Bloomberg Anywhere Bloomberg Professional About Bloomberg


 
HSBC Falls on Report It May Need to Raise $30 Billion (Update4)

By Kelvin Wong

Jan. 14 (Bloomberg) -- HSBC Holdings Plc, Europe’s largest bank by market value, fell in London trading after Morgan Stanley analysts predicted it may have to raise as much as $30 billion and cut the dividend in half as earnings drop.

London-based HSBC slid 8 percent to 588.75 pence, the lowest since February 1999, valuing the bank at 71.5 billion pounds ($104 billion.) The shares closed down 4.1 percent in Hong Kong.

HSBC’s profit is likely to fall “sharply” this year and won’t recover until 2011 at the earliest, Morgan Stanley analysts including Michael Helsby and Anil Agarwal said in a yesterday in a note. HSBC, Britain’s best-performing bank stock last year and the only one so far to avoid raising new capital, is down 11 percent this year in London trading, more than any other U.K. bank.

“I think every man and his dog knows that HSBC’s capital position has been eroded,” said Simon Maughan, a London-based analyst at MF Global Securities Ltd., who has a “buy” rating on the stock. “HSBC massively outperformed in the last year, and if I was an investment manager in the U.K, I may think that I want to take a bit of profit.”

The worst financial crisis since the Great Depression is hurting banks worldwide. Deutsche Bank AG, Germany’s biggest bank, reported a loss of about 4.8 billion euros as it increased provisions for bad debt. New York-based Citigroup is ceding its Smith Barney brokerage to Morgan Stanley and may also dump the CitiFinancial consumer-lending unit, people familiar with the matter said.

Subprime Mortgages

HSBC was the first bank in Europe to warn of losses on subprime mortgages in the U.S. Banks and brokers worldwide have been forced to raise more than $800 billion since the credit crisis started in 2007.

“Expectations for capital raising activity will create selling pressure on the stock,” said Max Chong, an analyst at Hong Kong-based Quam Ltd. who has an “accumulate” rating on HSBC. “Looking on the good side, we believe share prices usually bounce back gradually” after the sale is completed, he said.

The Morgan Stanley analysts, which have an “underweight” rating on the stock, cut their estimates for HSBC’s 2008 profit by 17 percent to 90 cents a share. The 2009 estimate was cut by 39 percent to 55 cents.
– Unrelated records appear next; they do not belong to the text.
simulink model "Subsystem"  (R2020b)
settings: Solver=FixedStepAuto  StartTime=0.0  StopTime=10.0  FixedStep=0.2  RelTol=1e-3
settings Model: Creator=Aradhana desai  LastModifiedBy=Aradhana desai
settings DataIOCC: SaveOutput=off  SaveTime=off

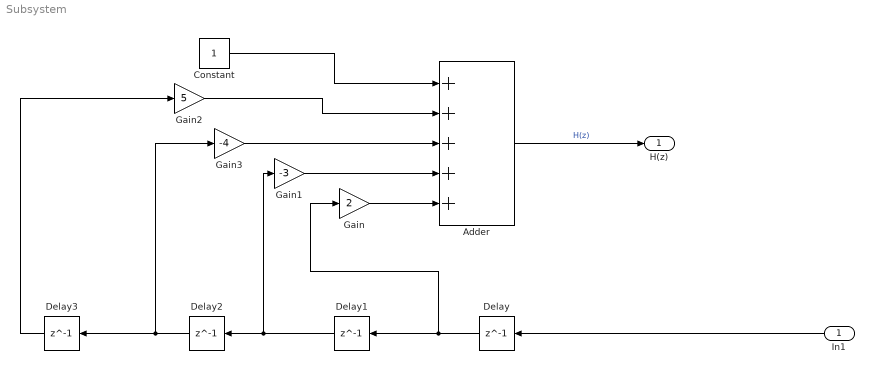
== system Subsystem ==
  In1 : Inport  OutDataTypeStr=double  PortDimensions=1  SampleTime=[0,1]
  Adder : Sum  Inputs=+++++
  Constant : Constant
  Delay{,1..3} (4 alike) : Delay  DelayLength=1
  Gain : Gain  Gain=2
  Gain1 : Gain  Gain=-3
  Gain2 : Gain  Gain=5
  Gain3 : Gain  Gain=-4
  H(z) : Outport  OutDataTypeStr=double  PortDimensions=1  SampleTime=[0.20000000000000001,0]
  wires:
  Gain/1 -> Adder/5
  Delay/1 -> Delay1/1, Gain/1
  Adder/1 -> H(z)/1  "H(z)"
  Gain3/1 -> Adder/3
  Delay1/1 -> Delay2/1, Gain1/1
  In1/1 -> Delay/1
  Delay3/1 -> Gain2/1
  Gain1/1 -> Adder/4
  Delay2/1 -> Delay3/1, Gain3/1
  Constant/1 -> Adder/1
  Gain2/1 -> Adder/2

Gareth Hewett, an HSBC spokesman in Hong Kong, declined to comment. HSBC was among the first global banks to acknowledge the troubles in the U.S. mortgage market that sparked the credit crunch, announcing in December 2006 that bad loans were rising as bankruptcies increased. The bank has recorded $33 billion in writedowns and credit losses, according to Bloomberg data. It has raised $4.9 billion, mainly through bond sales.

Capital Ratio

HSBC’s capital adequacy ratio, a measure of its financial strength, was 11.9 percent as of June 30. That compares with 14.9 percent at Standard Chartered Plc, which raised 1.8 billion pounds ($2.6 billion) from a rights offering in December.

“HSBC has one of the weaker capital ratios in Europe and the second weakest in Asia,” Morgan Stanley said. “We believe HSBC is highly likely to cut its dividend in 2009, and in our bear case we currently pencil in a 20 billion-pound rights issue.”

The U.K. bank’s estimated dividend yield for 2008 is 9.1 percent, according to Morgan Stanley. U.S. 10-year Treasuries yield 2.3 percent.

CLSA Asia-Pacific Markets analysts led by Daniel Tabbush forecast in December that HSBC would seek to raise about $14 billion. HSBC earns more than three-quarters of its profit from emerging markets and has mostly avoided the subprime-tainted securities that toppled Lehman Brothers Holdings Inc. and forced Merrill Lynch & Co. to sell itself to Bank of America Corp.

Provisions

HSBC will have to make more provisions in 2009 because 75 percent of its loans are in the U.S. and U.K., CLSA analysts led by Tabbush said.

Chief Executive Officer Michael Geoghegan has criticized the government-sponsored bailouts of lenders including Royal Bank of Scotland Group Plc and HBOS Plc.